Le spectateur du JT de 20h de la télévision de Bouteflika, s'il a la patience de suivre la campagne du scrutin local, ne manquera certainement pas de relever le net contraste entre la diversité des régions annoncées par le présentateur où tel candidat mène campagne et l'uniformité des discours tenus à la tribune par les "Zorro" des partis en lice...

Du nord au sud, d'est en ouest, les élus potentiels n'ont aucun sur la région dans laquelle ils se sont portés sur les listes, ignorant superbement les réalités sociogéographiques et historiques de leur patelin. Tous les discours commentés par les journalistes sur place sur de courtes interventions des orateurs, dans la diversité des partis, auraient pu être tenus dans n'importe quel endroit du pays, ou même dans un pays virtuel tant les diatribes assénées au public éparpillé qui peine aux injonctions des chauffeurs de salle qui commandent derrière l'orateur, des applaudissements vite éteints. Les régions ne sont citées que par le présentateur qui annonce les meetings presque à la criée. Ainsi, tous les partis politiques n'ont aucune assise régionale et n'ont à aucun moment cité la commune dans laquelle ils s'adressent à leurs futurs administrés. Mais de quoi, de qui parlent ces candidats? Qu'est-ce qui remplit leurs harangues?

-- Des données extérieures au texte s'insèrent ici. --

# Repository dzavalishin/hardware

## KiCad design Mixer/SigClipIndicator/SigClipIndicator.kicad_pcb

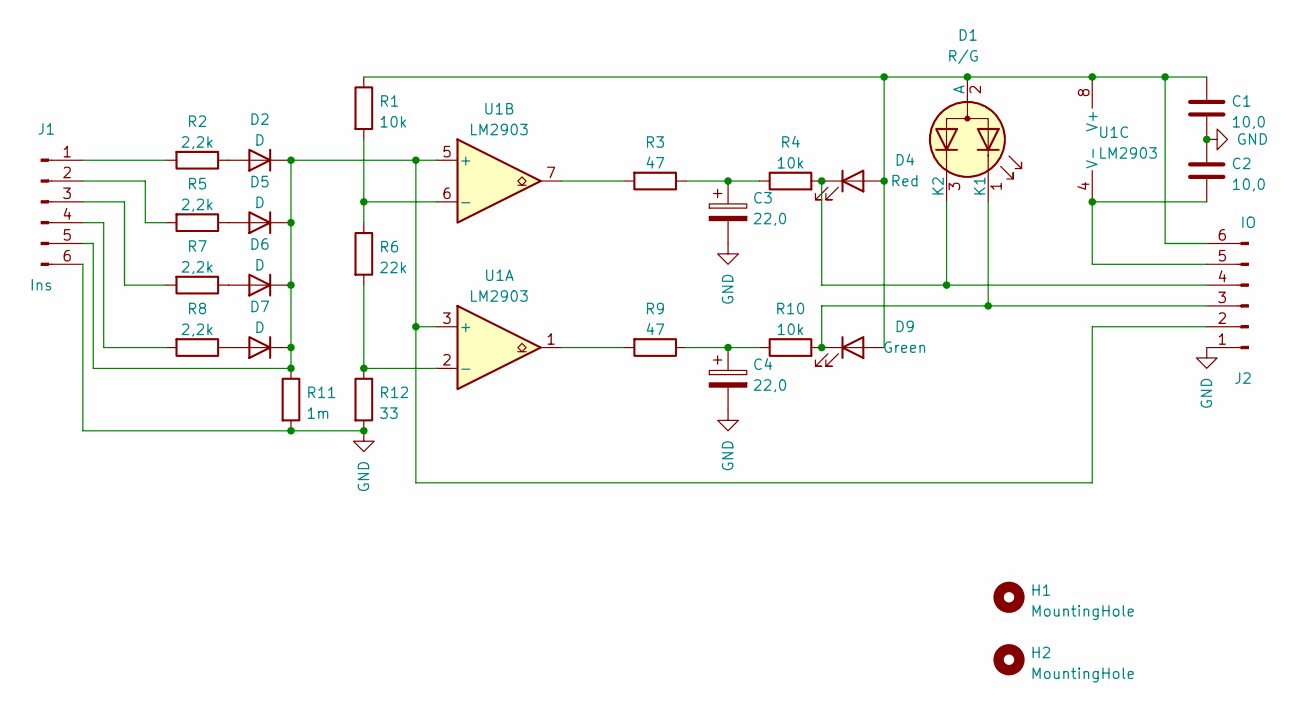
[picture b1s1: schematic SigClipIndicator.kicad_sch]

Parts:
C1, C2: 10,0; C_0805_2012Metric_Pad1.18x1.45mm_HandSolder
C3, C4: 22,0; C_0805_2012Metric_Pad1.18x1.45mm_HandSolder
D1: R/G; LED_D3.0mm-3
D2, D5, D6, D7: D; D_MiniMELF_Handsoldering
D4: Red; LED_D3.0mm
D9: Green; LED_D3.0mm
H1, H2: MountingHole; MountingHole_2.2mm_M2
J1: Ins; PinHeader_1x06_P2.54mm_Vertical
J2: IO; PinHeader_1x06_P2.54mm_Vertical
R1, R4, R10: 10k; R_1206_3216Metric_Pad1.30x1.75mm_HandSolder
R2, R5, R7, R8: 2,2k; R_1206_3216Metric_Pad1.30x1.75mm_HandSolder
R3, R9: 47; R_1206_3216Metric_Pad1.30x1.75mm_HandSolder
R6: 22k; R_1206_3216Metric_Pad1.30x1.75mm_HandSolder
R11: 1m; R_1206_3216Metric_Pad1.30x1.75mm_HandSolder
R12: 33; R_1206_3216Metric_Pad1.30x1.75mm_HandSolder
U1: LM2903; SOIC-8_3.9x4.9mm_P1.27mm

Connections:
GND: C1.1, C2.2, C3.2, C4.2, J1.6, J2.1, R11.2, R12.2
unnamed: C1.2, D1.2 (A), D4.2 (A), D9.2 (A), J2.6, R1.1, U1.8 (V+)
unnamed: C2.1, J2.5, U1.4 (V-)
unnamed: C3.1, R3.1, R4.1
unnamed: C4.1, R9.1, R10.1
unnamed: D1.1 (K1), D9.1 (K), J2.3, R10.2
unnamed: D1.3 (K2), D4.1 (K), J2.4, R4.2
unnamed: D2.1 (K), D5.1 (K), D6.1 (K), D7.1 (K), J1.5, J2.2, R11.1, U1.3 (+), U1.5 (+)
unnamed: D2.2 (A), R2.1
unnamed: D5.2 (A), R5.1
unnamed: D6.2 (A), R7.1
unnamed: D7.2 (A), R8.1
unnamed: J1.1, R2.2
unnamed: J1.2, R5.2
unnamed: J1.3, R7.2
unnamed: J1.4, R8.2
unnamed: R1.2, R6.1, U1.6 (-)
unnamed: R3.2, U1.7
unnamed: R9.2, U1.1
unnamed: R6.2, R12.1, U1.2 (-)

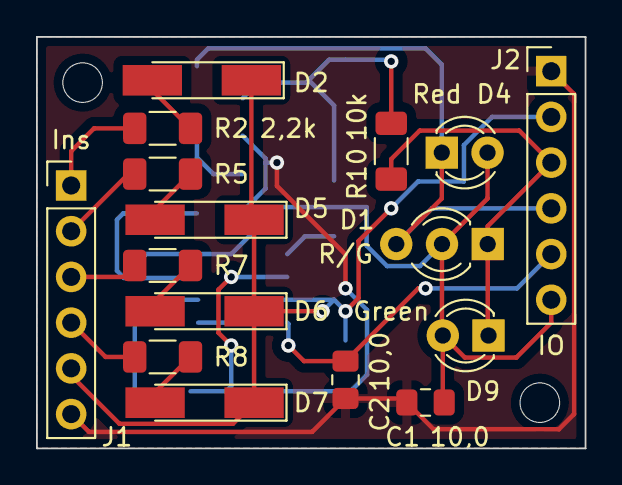
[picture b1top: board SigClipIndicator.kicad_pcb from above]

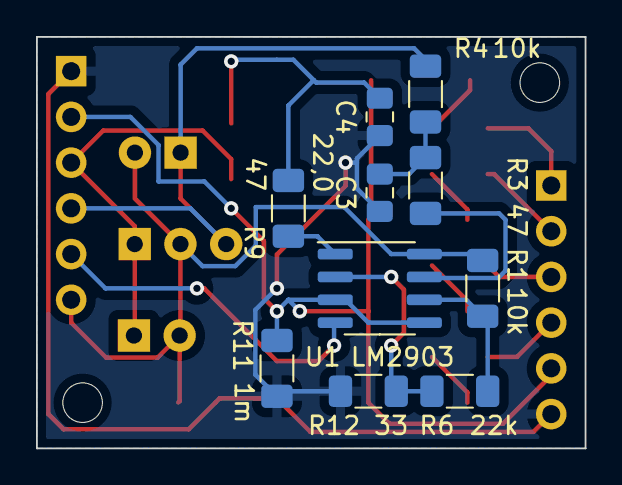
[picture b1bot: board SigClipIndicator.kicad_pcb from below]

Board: 2 copper layers, 30.5 x 22.9 mm, 28 parts (10 on the bottom side), 20 nets.

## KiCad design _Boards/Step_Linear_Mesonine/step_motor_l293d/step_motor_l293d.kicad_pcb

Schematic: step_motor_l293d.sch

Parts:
C1, C3, C5: 0,1; C_1206_HandSoldering
C4, C8: 47,0; CP_Elec_6.3x5.3
C6, C7: 1,0; C_0805_HandSoldering
C9, C10: 0,33; C_0805_HandSoldering
C11: 100,0; CP_Elec_6.3x5.7
D1: A; LED_1206_HandSoldering
D2: B; LED_1206_HandSoldering
D3: Over; LED_1206_HandSoldering
D4: D; LED_1206_HandSoldering
D5: C; LED_1206_HandSoldering
J1: Motor; Pin_Header_Straight_1x04_Pitch2.54mm
J2: +12; TerminalBlock_bornier-2_P5.08mm
J3: In; Pin_Header_Straight_1x06_Pitch2.54mm
J4: Pwr; Pin_Header_Straight_1x06_Pitch2.54mm
Q1: MMBT3904; SOT-23
R1: 0,2 2W 1%; R_2512_HandSoldering
R2: 200 1%; R_1206_HandSoldering
R3: 1,5m; R_1206_HandSoldering
R4, R5, R7, R10, R11, R12: 10k; R_1206_HandSoldering
R6: 9,1k; R_1206_HandSoldering
R8, R9, R14, R15, R16: 560; R_1206_HandSoldering
R13: 2k 1%; R_1206_HandSoldering
RV1: 1m; Potentiometer_Trimmer_Bourns_3296W
RV2: 1k; Potentiometer_Triwood_RM-065
U1: TL082; DIP-8_W7.62mm
U2: L293D; DIP-16_W7.62mm
U3: L78L05; TO-92_Inline_Narrow_Oval

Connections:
+5V: C3.1, C10.1, C11.1, J4.2, U2.16, U3.1
+12V: C1.1, C8.1, C9.1, J4.1, R1.1, R2.1, R6.2, U1.8, U3.3; also elsewhere on the board
/Buck/Power_In: J2.2; also elsewhere on the board
/MA: J3.1, U2.2
/MB: J3.3, U2.7
/MC: J3.4, U2.10
/MD: J3.2, U2.15
/MPower: C4.1, C5.1, R1.2, R4.1, U2.8
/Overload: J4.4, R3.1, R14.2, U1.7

Alors que les affiches qui débordent des placards réservés à la campagne, signalent les circonscriptions et le numéro du parti comme pour un jeu de loterie, le contenu des discours de campagne puise dans la négation totale des spécificités régionales. Même la référence à Novembre 1954 qui revient dans les discours des candidats ne repose sur aucune réalité géographique et historique, ne servant qu'à remplir d'idéologie creuse et insipide pour compenser l'absence totale d'un programme qu'aurait à estimer les citoyens. Tel candidat émettant de Constantine a annoncé une longue liste de moudjahidin de la région n'a eu d'énumération que Abdelhamid Ibn Badis, s'excusant de ne pouvoir citer tant d'autres en raison d'une longue liste; tel autre, au sud du pays, menace de se retirer même s'il est élu si d'aventure il s'avérait que son élection est due à la fraude. Tel autre, appelle toute l'Algérie, s'adressant aux quelques citoyens présents dans une salle exiguë, à sortir manifester pour dénoncer l'agression israélienne contre Ghaza; tel autre dit pouvoir déminer toutes les bombes à retardement par lesquelles il a comparé le chômage des jeunes, la corruption du pouvoir, des élus, le terrorisme, les détournements de projets économiques, l'avilissement des valeurs du 1er Novembre; tel autre enfin se propose d'initier une campagne de lutte contre la bureaucratie durant une année afin d'éradiquer ce fléau.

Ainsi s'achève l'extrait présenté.